Who is responsible for the fees, compensation, and expenses of the Real Estate Appraiser engaged to determine lease terms for Checkersrallys?
Checkersrallys Franchise · 2025 FDDAnswer from 2025 FDD Document
- (b) If we elect to require you to execute and deliver to us or our designee a lease for the Restaurant Location, we shall deliver written notice to you within ten (10) days after the effective date of termination or expiration of this Agreement of such election. Following such notice, you and we shall negotiate in good faith a lease for the Real Estate containing commercially reasonable terms with a term equal to a minimum of the remaining Term under this Agreement. If you and we have not agreed to a lease within thirty (30) days after your receipt of our election, we shall engage a Real Estate Appraiser to prepare a lease with commercially reasonable terms. The Real Estate Appraiser's determination will be binding, and you must
execute and deliver to us a lease for the Restaurant Location containing the commercially reasonable terms provided by the Real Estate Appraiser. All fees, compensation and cost and expense reimbursements of the Real Estate Appraiser shall be borne equally by the parties. Upon your execution of the lease for the Restaurant Location, you agree to vacate the Restaurant Location promptly and completely, rendering all necessary assistance to us to enable us to take prompt possession.

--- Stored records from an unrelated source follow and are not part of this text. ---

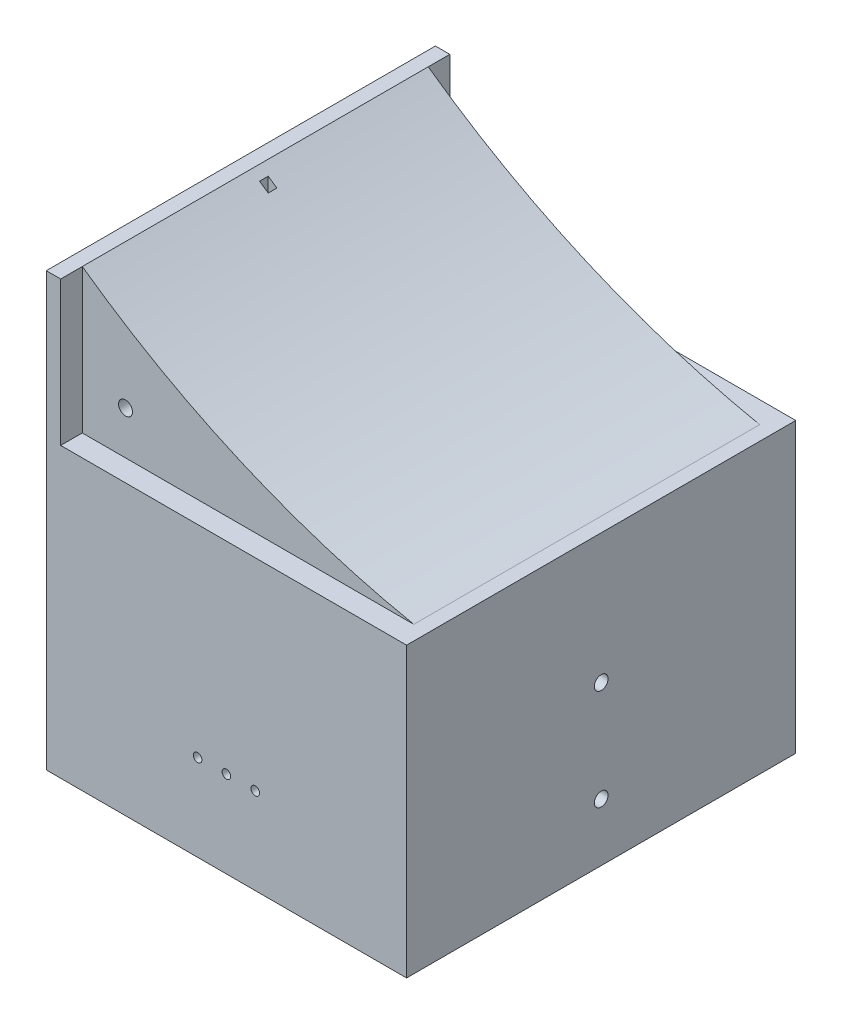
SolidWorks part; units mm, degrees
material "ABS"
ref_plane "Front" through (0, 0, 0) normal (0, 0, 1) x (1, 0, 0)
ref_plane "Top" through (0, 0, 0) normal (0, 1, 0) x (1, 0, 0)
ref_plane "Right" through (0, 0, 0) normal (1, 0, 0) x (0, 0, -1)
sketch "Sketch3" plane through (0, 0, 0) normal (0, 0, 1) x (1, 0, 0)
  line L0 (0, 0) -> (120, 0)
  line L1 (120, 0) -> (120, 100)
  line L2 (0, 0) -> (0, 150)
  line L3 (120, 100) -> (115, 100)
  arc A1 (0, 150) -> (115, 100) centre (174.4762, 394.0452) ccw
  dimension "D4" = 300
  dimension "D1" = 100
  dimension "D2" = 120
  dimension "D3" = 150
  dimension "D5" = 5
extrude "Boss-Extrude2" add sketch "Sketch3" along normal mid plane 120
sketch "Sketch4" plane through (0, 0, 60) normal (0, 0, 1) x (1, 0, 0)
  line L1 (0, 0) -> (120, 0)
  line L2 (0, 0) -> (0, 100)
  line L3 (0, 100) -> (120, 100)
  line L4 (120, 0) -> (120, 100)
extrude "Boss-Extrude3" add sketch "Sketch4" along normal blind 7.5
mirror "Mirror1" about plane through (0, 0, 0) normal (0, 0, 1) of "Boss-Extrude3"
sketch "Sketch5" plane through (0, 0, 0) normal (-1, 0, 0) x (0, 0, 1)
  line L0 (60, 150) -> (-60, 150) construction
  line L1 (-67.5, 0) -> (67.5, 0)
  line L2 (-67.5, 0) -> (-67.5, 150)
  line L3 (-67.5, 150) -> (67.5, 150)
  line L4 (67.5, 0) -> (67.5, 150)
extrude "Boss-Extrude4" add sketch "Sketch5" along normal blind 5
sketch "Sketch6" plane through (0, 0, 0) normal (0, -1, 0) x (1, 0, 0)
  line L0 (120, 67.5) -> (120, -67.5) construction
  line L6 (-5, -67.5) -> (-5, 67.5) construction
  line L7 (-5, 37.5) -> (107.3, 37.5)
  line L8 (-5, 37.5) -> (-5, -37.5)
  line L9 (-5, -37.5) -> (107.3, -37.5)
  line L10 (107.3, 37.5) -> (107.3, -37.5)
  point P6 (-5, 0)
  dimension "D1" = 12.7
  dimension "D2" = 75
extrude "Cut-Extrude2" cut sketch "Sketch6" against normal blind 75
sketch "Sketch7" plane through (107.3, 0, 0) normal (-1, 0, 0) x (0, 0, 1)
  line L0 (0, 0) -> (0, 75) construction
  line L1 (-37.5, 0) -> (37.5, 0) construction
  line L2 (-37.5, 75) -> (37.5, 75) construction
  line L3 (37.5, 75) -> (-37.5, 75) construction
  point P6 (0, 55)
  point P7 (0, 20)
  dimension "D1" = 20
  dimension "D2" = 20
hole_wizard "#10 Clearance Hole1" positions "Sketch8" profile "Sketch9" hole size "#10" standard "ANSI Inch" end condition through all
sketch "Sketch8" plane through (107.3, 0, 0) normal (-1, 0, 0) x (0, 0, 1)
  point P0 (0, 55)
  point P3 (0, 20)
sketch "Sketch9" plane through (107.3, 55, 0) normal (0, 1, 0) x (0, 0, 1)
  line L0 (0, 0) -> (0, 12.7)
  line L1 (0, 12.7) -> (2.3876, 12.7)
  line L2 (2.3876, 12.7) -> (2.3876, 0)
  line L5 (2.3876, 0) -> (0, 0)
  line L11 (0, -6.35) -> (0, 107.95) construction
  dimension "Thru Hole Dia." = 4.7752
  dimension "Thru Hole Depth" = 12.7
sketch "Sketch10" plane through (0, 75, 0) normal (0, -1, 0) x (1, 0, 0)
  line L0 (20, 29.5) -> (20, -18.5) construction
  line L1 (-5, 37.5) -> (-5, -37.5) construction
  line L4 (107.3, 37.5) -> (-5, 37.5) construction
  line L5 (72, 14.25) -> (72, -13.75) construction
  dimension "D1" = 48
  dimension "D2" = 25
  dimension "D3" = 8
  dimension "D4" = 28
  dimension "D5" = 4.75
  dimension "D6" = 52
hole_wizard "#2 Clearance Hole1" positions "Sketch11" profile "Sketch12" hole size "#2" standard "ANSI Inch"
sketch "Sketch11" plane through (0, 75, 0) normal (0, -1, 0) x (-1, 0, 0)
  point P3 (-20, 18.5)
  point P6 (-72, -14.25)
  point P9 (-72, 13.75)
  point P13 (-21.143, -29.5)
  dimension "D1" = 1.143
sketch "Sketch12" plane through (20, 75, -18.5) normal (1, 0, 0) x (0, 0, -1)
  line L0 (0, 0) -> (0, 6.9605)
  line L1 (0, 6.9605) -> (1.016, 6.35)
  line L2 (1.016, 6.35) -> (1.016, 0)
  line L5 (1.016, 0) -> (0, 0)
  line L10 (0, 6.9605) -> (-1.016, 6.35) construction
  line L11 (0, -6.35) -> (0, 107.95) construction
  dimension "Hole Dia." = 2.032
  dimension "Hole Depth" = 6.35
  dimension "Drill Angle" = 118
hole_wizard "#10 Clearance Hole2" positions "Sketch14" profile "Sketch15" hole size "#10" standard "ANSI Inch"
sketch "Sketch14" plane through (0, 0, 60) normal (0, 0, 1) x (1, 0, 0)
  line L0 (120, 100) -> (0, 100) construction
  line L1 (0, 100) -> (0, 150) construction
  point P0 (15, 115)
  dimension "D1" = 15
  dimension "D2" = 15
sketch "Sketch15" plane through (15, 115, 60) normal (1, 0, 0) x (0, -1, 0)
  line L0 (0, 0) -> (0, 26.8499)
  line L1 (0, 26.8499) -> (2.413, 25.4)
  line L2 (2.413, 25.4) -> (2.413, 0)
  line L5 (2.413, 0) -> (0, 0)
  line L10 (0, 26.8499) -> (-2.413, 25.4) construction
  line L11 (0, -6.35) -> (0, 107.95) construction
  dimension "Hole Dia." = 4.826
  dimension "Hole Depth" = 25.4
  dimension "Drill Angle" = 118
mirror "Mirror2" about plane through (0, 0, 0) normal (0, 0, 1) of "#10 Clearance Hole2"
sketch "Sketch17" plane through (0, 75, 0) normal (0, -1, 0) x (1, 0, 0)
  line L5 (3, 0) -> (-5, 0) construction
  line L6 (3, -1.5) -> (6, -1.5)
  line L7 (3, -1.5) -> (3, 1.5)
  line L8 (3, 1.5) -> (6, 1.5)
  line L9 (6, -1.5) -> (6, 1.5)
  line L10 (-5, 37.5) -> (-5, -37.5) construction
  dimension "D1" = 3
  dimension "D2" = 8
extrude "Cut-Extrude4" cut sketch "Sketch17" against normal through all
sketch "Sketch18" plane through (0, 0, 37.5) normal (0, 0, -1) x (-1, 0, 0)
  line L0 (-120, 30) -> (5, 30) construction
  line L1 (5, 75) -> (5, 0) construction
  line L2 (-120, 0) -> (-120, 100) construction
  line L3 (-107.3, 0) -> (5, 0) construction
  circle A0 centre (-67.5, 30) radius 2.5
  circle A1 centre (-57.5, 30) radius 2.5
  circle A2 centre (-47.5, 30) radius 2.5
  dimension "D3" = 5
  dimension "D1" = 10
  dimension "D2" = 10
  dimension "D4" = 30
extrude "Cut-Extrude5" cut sketch "Sketch18" against normal offset from surface (27 mm away) 3 up to face at (38.3333, 83.3333, 67.5)
sketch "Sketch19" plane through (0, 0, 64.5) normal (0, 0, -1) x (-1, 0, 0)
  circle A0 centre (-67.5, 30) radius 1.5
  circle A1 centre (-57.5, 30) radius 1.5
  circle A2 centre (-47.5, 30) radius 1.5
  dimension "D1" = 3
extrude "Cut-Extrude6" cut sketch "Sketch19" against normal through all

Source: Item 22 — CONTRACTS (FDD pages 91–92)
What This Means (2025 FDD)
According to Checkersrallys's 2025 Franchise Disclosure Document, in the event that Checkersrallys elects to require a franchisee to execute and deliver a lease for the Restaurant Location and the two parties cannot agree on lease terms, a Real Estate Appraiser will be engaged to determine commercially reasonable terms. The determination made by the Real Estate Appraiser will be binding.
The fees, compensation, and cost and expense reimbursements of the Real Estate Appraiser will be equally shared between Checkersrallys and the franchisee. This means that a franchisee would be responsible for 50% of these costs.
This arrangement is fairly typical in franchise agreements when third-party appraisals or valuations are required. It ensures that both parties have a vested interest in the appraiser being fair and reasonable, as they both bear the financial burden. A prospective Checkersrallys franchisee should factor this potential expense into their financial planning, as it could arise if they cannot reach a lease agreement with Checkersrallys upon termination or expiration of their franchise agreement and they own the real estate.